Нойд затрясла им – и раздался песочный, усыпляющий звук.

– Моя внучка пыталась им ауру у меня проверить, играла так, но с аурой работает другой инструмент, называется шува. Им можно ауру подправить. Ещё его называют саамским УЗИ, потому что звук проходит во внутренние органы, и если звук меняется, значит, в органе проблема. Что интересно, его слышат даже глухие люди, просто кожей чувствуют.

Светлана потрясла и этой погремушкой: шур-шур, словно метлой по асфальту. Потом показала инструмент наввьт, что переводится как «зверь». И вправду, похоже на вой волка, хотя можно спутать и с воем ветра. Ещё потюкала в металлический треугольник с хрустальным звоном. Признаться, эта шаманофония мне понравилась. Может, шаманство здесь ни при чём? Просто чуткое внимание к звукам природы, как в детстве, когда слышишь, как растут деревья. Божий мир удивителен – и что плохого в том, чтобы чувствовать его? И славить Того, Кто всё это создал? Именно Его славить, а не каких-то «помощников», приживальщиков при этом мире.

– А грибы? – вдруг спрашивает Игорь. – Используете их в шаманстве?

– Сушёные мухоморы? Пытались нас этому научить, шаманы из Сибири приезжали. Но у нас отродясь такого не было. Считаю, голову вообще нельзя дурманить, иначе унесёт неведомо куда. У нас даже табак курить начали только во время войны. Народных напитков вроде пива тоже никогда не было. Алкоголь я попробовала лишь раз в жизни – в Казахстане, на собственной свадьбе. Забыли мне сок поставить, и за весь вечер я фужер шампанского понемногу вытянула, очень пить хотелось. И состояние после не понравилось. Муж у меня русский, бывший подводник, им там, в подводном плавании, спиртное давали, и он говорит: «А как же стресс снимать?» Отвечаю: «Выйди в тундру, посиди на пенёчке, и всё пройдёт».

А мухоморами мы только оленей лечим. Они грибы любят, причём предпочитают сыроежки и белые. К червивым не прикасаются, уважают себя. Ещё арбузы любят. Когда привозим эту экзотику, так налетают, не отодрать.
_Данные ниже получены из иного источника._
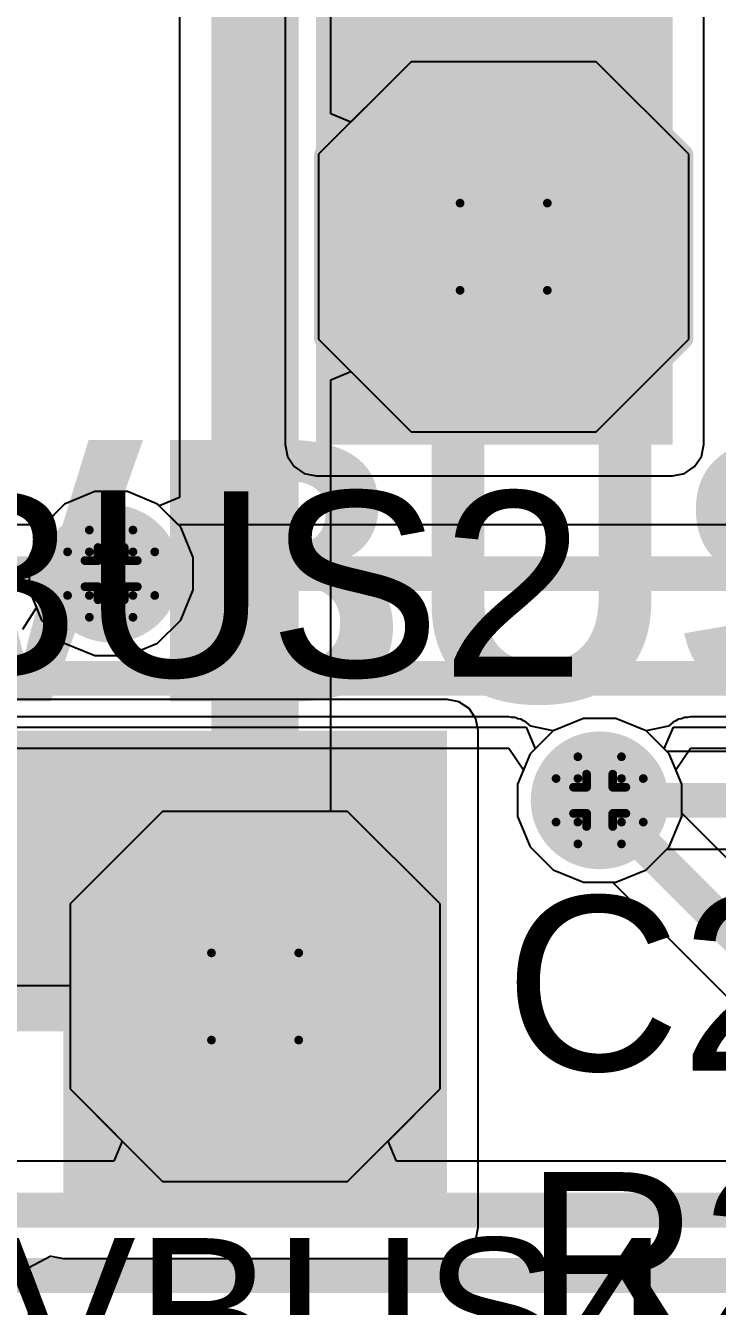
# Model space of a CAD drawing. Header units: inches. Extents: x -0.1 to 17.9, y -0.8 to 4.8.
# Drawn here: x 2.0754 to 2.234, y 3.4169 to 3.7107 of the extents above; entities that cross this region are included whole.
import ezdxf

# ---------------------------------------------------------------- set-up
doc = ezdxf.new("R2010")
doc.units = ezdxf.units.IN
doc.header["$MEASUREMENT"] = 0
for name, color, linetype in [('Bottom Layer 1', 5, 'Continuous'), ('Bottom Solder', 6, 'Continuous'), ('Drill Drawing', 1, 'Continuous'), ('GND+Signal', 16, 'Continuous'), ('Multi-Layer', 9, 'Continuous'), ('Pad Holes', 156, 'Continuous'), ('PWR+Signal', 76, 'Continuous'), ('Top 3D Body', 56, 'Continuous'), ('Top Layer 1', 1, 'Continuous'), ('Top Overlay', 2, 'Continuous'), ('Top Solder', 216, 'Continuous'), ('Via Holes', 16, 'Continuous')]:
    doc.layers.add(name, color=color, linetype=linetype)
doc.styles.add('Arial', font='', dxfattribs={"height": 0.2})
doc.styles.add('Arial_Bold', font='', dxfattribs={"height": 0.2})
doc.styles.get('Arial').set_extended_font_data('Arial')
doc.styles.get('Arial_Bold').set_extended_font_data('Arial', bold=True)

# ---------------------------------------------------------------- blocks, each defined once
blk = doc.blocks.new('T____P______TH_1_8___H_________0_92___194')
at = {"layer": 'Bottom Layer 1'}
blk.add_hatch(color=5, dxfattribs=at).paths.add_polyline_path([(0.01772, 0.03543), (-0.01772, 0.03543), (-0.03543, 0.01772), (-0.03543, -0.01772), (-0.01772, -0.03543), (0.01772, -0.03543), (0.03543, -0.01772), (0.03543, 0.01772)])
at = {"layer": 'Bottom Solder'}
blk.add_hatch(color=6, dxfattribs=at).paths.add_polyline_path([(0.01972, 0.03943), (-0.01972, 0.03943), (-0.03943, 0.01972), (-0.03943, -0.01972), (-0.01972, -0.03943), (0.01972, -0.03943), (0.03943, -0.01972), (0.03943, 0.01972)])
at = {"layer": 'GND+Signal'}
blk.add_hatch(color=16, dxfattribs=at).paths.add_polyline_path([(0.01772, 0.03543), (-0.01772, 0.03543), (-0.03543, 0.01772), (-0.03543, -0.01772), (-0.01772, -0.03543), (0.01772, -0.03543), (0.03543, -0.01772), (0.03543, 0.01772)])
at = {"layer": 'Multi-Layer'}
blk.add_hatch(color=9, dxfattribs=at).paths.add_polyline_path([(0.01772, 0.03543), (-0.01772, 0.03543), (-0.03543, 0.01772), (-0.03543, -0.01772), (-0.01772, -0.03543), (0.01772, -0.03543), (0.03543, -0.01772), (0.03543, 0.01772)])
at = {"layer": 'Pad Holes'}
h = blk.add_hatch(color=7, dxfattribs=at)
edge = h.paths.add_edge_path()
edge.add_arc((0, 0), 0.01811, 0, 360)
at = {"layer": 'PWR+Signal'}
blk.add_hatch(color=76, dxfattribs=at).paths.add_polyline_path([(0.01772, 0.03543), (-0.01772, 0.03543), (-0.03543, 0.01772), (-0.03543, -0.01772), (-0.01772, -0.03543), (0.01772, -0.03543), (0.03543, -0.01772), (0.03543, 0.01772)])
at = {"layer": 'Top Layer 1'}
blk.add_hatch(color=1, dxfattribs=at).paths.add_polyline_path([(0.01772, 0.03543), (-0.01772, 0.03543), (-0.03543, 0.01772), (-0.03543, -0.01772), (-0.01772, -0.03543), (0.01772, -0.03543), (0.03543, -0.01772), (0.03543, 0.01772)])
at = {"layer": 'Top Solder'}
blk.add_hatch(color=216, dxfattribs=at).paths.add_polyline_path([(0.01972, 0.03943), (-0.01972, 0.03943), (-0.03943, 0.01972), (-0.03943, -0.01972), (-0.01972, -0.03943), (0.01972, -0.03943), (0.03943, -0.01972), (0.03943, 0.01972)])
at = {"layer": 'Top Overlay'}
for points in [[(-0.041, 0.021, 0.005, 0.005, 0), (-0.02, 0.042, 0.005, 0.005, 0)], [(-0.02, 0.042, 0.005, 0.005, 0), (0.02, 0.042, 0.005, 0.005, 0)], [(0.02, 0.042, 0.005, 0.005, 0), (0.041, 0.021, 0.005, 0.005, 0)], [(-0.041, -0.021, 0.005, 0.005, 0), (-0.041, 0.021, 0.005, 0.005, 0)], [(0.041, -0.021, 0.005, 0.005, 0), (0.041, 0.021, 0.005, 0.005, 0)], [(-0.041, -0.021, 0.005, 0.005, 0), (-0.021, -0.041, 0.005, 0.005, 0)], [(0.021, -0.041, 0.005, 0.005, 0), (0.041, -0.021, 0.005, 0.005, 0)], [(-0.02, -0.041, 0.005, 0.005, 0), (0.021, -0.041, 0.005, 0.005, 0)]]:
    blk.add_lwpolyline(points, format="xyseb", dxfattribs=at)
for points in [[(-0.02125, 0.042, 0.0025, 0.0025, 1), (-0.01875, 0.042, 0.0025, 0.0025, 1)], [(-0.02125, 0.042, 0.0025, 0.0025, 1), (-0.01875, 0.042, 0.0025, 0.0025, 1)], [(0.01875, 0.042, 0.0025, 0.0025, 1), (0.02125, 0.042, 0.0025, 0.0025, 1)], [(0.01875, 0.042, 0.0025, 0.0025, 1), (0.02125, 0.042, 0.0025, 0.0025, 1)], [(-0.04225, 0.021, 0.0025, 0.0025, 1), (-0.03975, 0.021, 0.0025, 0.0025, 1)], [(-0.04225, 0.021, 0.0025, 0.0025, 1), (-0.03975, 0.021, 0.0025, 0.0025, 1)], [(0.03975, 0.021, 0.0025, 0.0025, 1), (0.04225, 0.021, 0.0025, 0.0025, 1)], [(0.03975, 0.021, 0.0025, 0.0025, 1), (0.04225, 0.021, 0.0025, 0.0025, 1)], [(-0.04225, -0.021, 0.0025, 0.0025, 1), (-0.03975, -0.021, 0.0025, 0.0025, 1)], [(-0.04225, -0.021, 0.0025, 0.0025, 1), (-0.03975, -0.021, 0.0025, 0.0025, 1)], [(0.03975, -0.021, 0.0025, 0.0025, 1), (0.04225, -0.021, 0.0025, 0.0025, 1)], [(0.03975, -0.021, 0.0025, 0.0025, 1), (0.04225, -0.021, 0.0025, 0.0025, 1)], [(-0.02225, -0.041, 0.0025, 0.0025, 1), (-0.01975, -0.041, 0.0025, 0.0025, 1)], [(-0.02125, -0.041, 0.0025, 0.0025, 1), (-0.01875, -0.041, 0.0025, 0.0025, 1)], [(0.01975, -0.041, 0.0025, 0.0025, 1), (0.02225, -0.041, 0.0025, 0.0025, 1)], [(0.01975, -0.041, 0.0025, 0.0025, 1), (0.02225, -0.041, 0.0025, 0.0025, 1)]]:
    blk.add_lwpolyline(points, format="xyseb", close=True, dxfattribs=at)
blk = doc.blocks.new('T____P______TH_1_8___H_________0_92___195')
at = {"layer": 'Bottom Layer 1'}
blk.add_hatch(color=5, dxfattribs=at).paths.add_polyline_path([(0.01772, 0.03543), (-0.01772, 0.03543), (-0.03543, 0.01772), (-0.03543, -0.01772), (-0.01772, -0.03543), (0.01772, -0.03543), (0.03543, -0.01772), (0.03543, 0.01772)])
at = {"layer": 'Bottom Solder'}
blk.add_hatch(color=6, dxfattribs=at).paths.add_polyline_path([(0.01972, 0.03943), (-0.01972, 0.03943), (-0.03943, 0.01972), (-0.03943, -0.01972), (-0.01972, -0.03943), (0.01972, -0.03943), (0.03943, -0.01972), (0.03943, 0.01972)])
at = {"layer": 'GND+Signal'}
blk.add_hatch(color=16, dxfattribs=at).paths.add_polyline_path([(0.01772, 0.03543), (-0.01772, 0.03543), (-0.03543, 0.01772), (-0.03543, -0.01772), (-0.01772, -0.03543), (0.01772, -0.03543), (0.03543, -0.01772), (0.03543, 0.01772)])
at = {"layer": 'Multi-Layer'}
blk.add_hatch(color=9, dxfattribs=at).paths.add_polyline_path([(0.01772, 0.03543), (-0.01772, 0.03543), (-0.03543, 0.01772), (-0.03543, -0.01772), (-0.01772, -0.03543), (0.01772, -0.03543), (0.03543, -0.01772), (0.03543, 0.01772)])
at = {"layer": 'Pad Holes'}
h = blk.add_hatch(color=7, dxfattribs=at)
edge = h.paths.add_edge_path()
edge.add_arc((0, 0), 0.01811, 0, 360)
at = {"layer": 'PWR+Signal'}
blk.add_hatch(color=76, dxfattribs=at).paths.add_polyline_path([(0.01772, 0.03543), (-0.01772, 0.03543), (-0.03543, 0.01772), (-0.03543, -0.01772), (-0.01772, -0.03543), (0.01772, -0.03543), (0.03543, -0.01772), (0.03543, 0.01772)])
at = {"layer": 'Top Layer 1'}
blk.add_hatch(color=1, dxfattribs=at).paths.add_polyline_path([(0.01772, 0.03543), (-0.01772, 0.03543), (-0.03543, 0.01772), (-0.03543, -0.01772), (-0.01772, -0.03543), (0.01772, -0.03543), (0.03543, -0.01772), (0.03543, 0.01772)])
at = {"layer": 'Top Solder'}
blk.add_hatch(color=216, dxfattribs=at).paths.add_polyline_path([(0.01972, 0.03943), (-0.01972, 0.03943), (-0.03943, 0.01972), (-0.03943, -0.01972), (-0.01972, -0.03943), (0.01972, -0.03943), (0.03943, -0.01972), (0.03943, 0.01972)])
at = {"layer": 'Top Overlay'}
for points in [[(-0.041, 0.021, 0.005, 0.005, 0), (-0.02, 0.042, 0.005, 0.005, 0)], [(-0.02, 0.042, 0.005, 0.005, 0), (0.02, 0.042, 0.005, 0.005, 0)], [(0.02, 0.042, 0.005, 0.005, 0), (0.041, 0.021, 0.005, 0.005, 0)], [(-0.041, -0.021, 0.005, 0.005, 0), (-0.041, 0.021, 0.005, 0.005, 0)], [(0.041, -0.021, 0.005, 0.005, 0), (0.041, 0.021, 0.005, 0.005, 0)], [(-0.041, -0.021, 0.005, 0.005, 0), (-0.021, -0.041, 0.005, 0.005, 0)], [(0.021, -0.041, 0.005, 0.005, 0), (0.041, -0.021, 0.005, 0.005, 0)], [(-0.02, -0.041, 0.005, 0.005, 0), (0.021, -0.041, 0.005, 0.005, 0)]]:
    blk.add_lwpolyline(points, format="xyseb", dxfattribs=at)
for points in [[(-0.02125, 0.042, 0.0025, 0.0025, 1), (-0.01875, 0.042, 0.0025, 0.0025, 1)], [(-0.02125, 0.042, 0.0025, 0.0025, 1), (-0.01875, 0.042, 0.0025, 0.0025, 1)], [(0.01875, 0.042, 0.0025, 0.0025, 1), (0.02125, 0.042, 0.0025, 0.0025, 1)], [(0.01875, 0.042, 0.0025, 0.0025, 1), (0.02125, 0.042, 0.0025, 0.0025, 1)], [(-0.04225, 0.021, 0.0025, 0.0025, 1), (-0.03975, 0.021, 0.0025, 0.0025, 1)], [(-0.04225, 0.021, 0.0025, 0.0025, 1), (-0.03975, 0.021, 0.0025, 0.0025, 1)], [(0.03975, 0.021, 0.0025, 0.0025, 1), (0.04225, 0.021, 0.0025, 0.0025, 1)], [(0.03975, 0.021, 0.0025, 0.0025, 1), (0.04225, 0.021, 0.0025, 0.0025, 1)], [(-0.04225, -0.021, 0.0025, 0.0025, 1), (-0.03975, -0.021, 0.0025, 0.0025, 1)], [(-0.04225, -0.021, 0.0025, 0.0025, 1), (-0.03975, -0.021, 0.0025, 0.0025, 1)], [(0.03975, -0.021, 0.0025, 0.0025, 1), (0.04225, -0.021, 0.0025, 0.0025, 1)], [(0.03975, -0.021, 0.0025, 0.0025, 1), (0.04225, -0.021, 0.0025, 0.0025, 1)], [(-0.02225, -0.041, 0.0025, 0.0025, 1), (-0.01975, -0.041, 0.0025, 0.0025, 1)], [(-0.02125, -0.041, 0.0025, 0.0025, 1), (-0.01875, -0.041, 0.0025, 0.0025, 1)], [(0.01975, -0.041, 0.0025, 0.0025, 1), (0.02225, -0.041, 0.0025, 0.0025, 1)], [(0.01975, -0.041, 0.0025, 0.0025, 1), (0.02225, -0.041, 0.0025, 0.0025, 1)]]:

– Чем вы ещё оленей лечите?

– Да они обычно сами о себе заботятся. А если ногу сломал – то в забой, тут ничего не поделать. Хотя был один случай. В этом году захожу в сарай оленёнка кормить, вижу, копытце тянет, ступить не может. Жалко ребёнка? Жалко. Говорю мужу: «Заводи машину, в город поедем. На рентген!» Схватила свою пенсионную карточку, ай, всю пенсию потрачу! Поехали. Ветеринар и рентген сделал, и ещё сам сфоткался с оленёнком – первый раз оленя видел. А ребёнок мой всю звериную поликлинику поднял на уши, напугав кошек и собак. Как начал хоркать! Они, когда зовут маму, хоркают очень громко. Только отойду от него – он хоркает. Руку положу не него – затихает. Ушиб был сильнейший, не мог стоять, поэтому кличку я ему дала Тарзан – прыгал, а не ходил. Муж издевался надо мной: «Какой Тарзан? Будет Трезор». Как собачку.

– Так оленёнок выжил?

– Ушиб вылечили. Вы его видели в загоне, с маленькими рожками – это и есть Тарзан, он же Трезор, откликается на оба имени…

Олени, лыжи и война

Сидим на оленьих шкурах, уплетаем пироги с брусникой перед дымящимся очагом, на котором варится мясо и закипает котелок для чая. Светлана рассказывает про дым:

– В тундре всё важно. Дым тоже, которым мы одежду окуриваем. Без него бы комары и мошка нас заживо сожрали. Даже олени поближе жмутся ко входу в вежу, откуда дымом тянет. Летом их вывести в тундру очень сложно. Вынесешь мешок с ягелем, они выбегут на минутку, всё съедят и бегут обратно к веже. Так что перед выездами я оленей не кормлю, иначе никуда не пойдут. Особенно страдают олени с молодыми рогами: у них там под тонкой кожицей кровеносные сосуды и комарьё просто налипает. Ещё страшнее оводы, которые откладывают личинки под шкуру.

У северного оленя благородное и в чём-то простодушное «лицо»

– Антикомариных мазей для оленей не продают? – спрашивает москвичка.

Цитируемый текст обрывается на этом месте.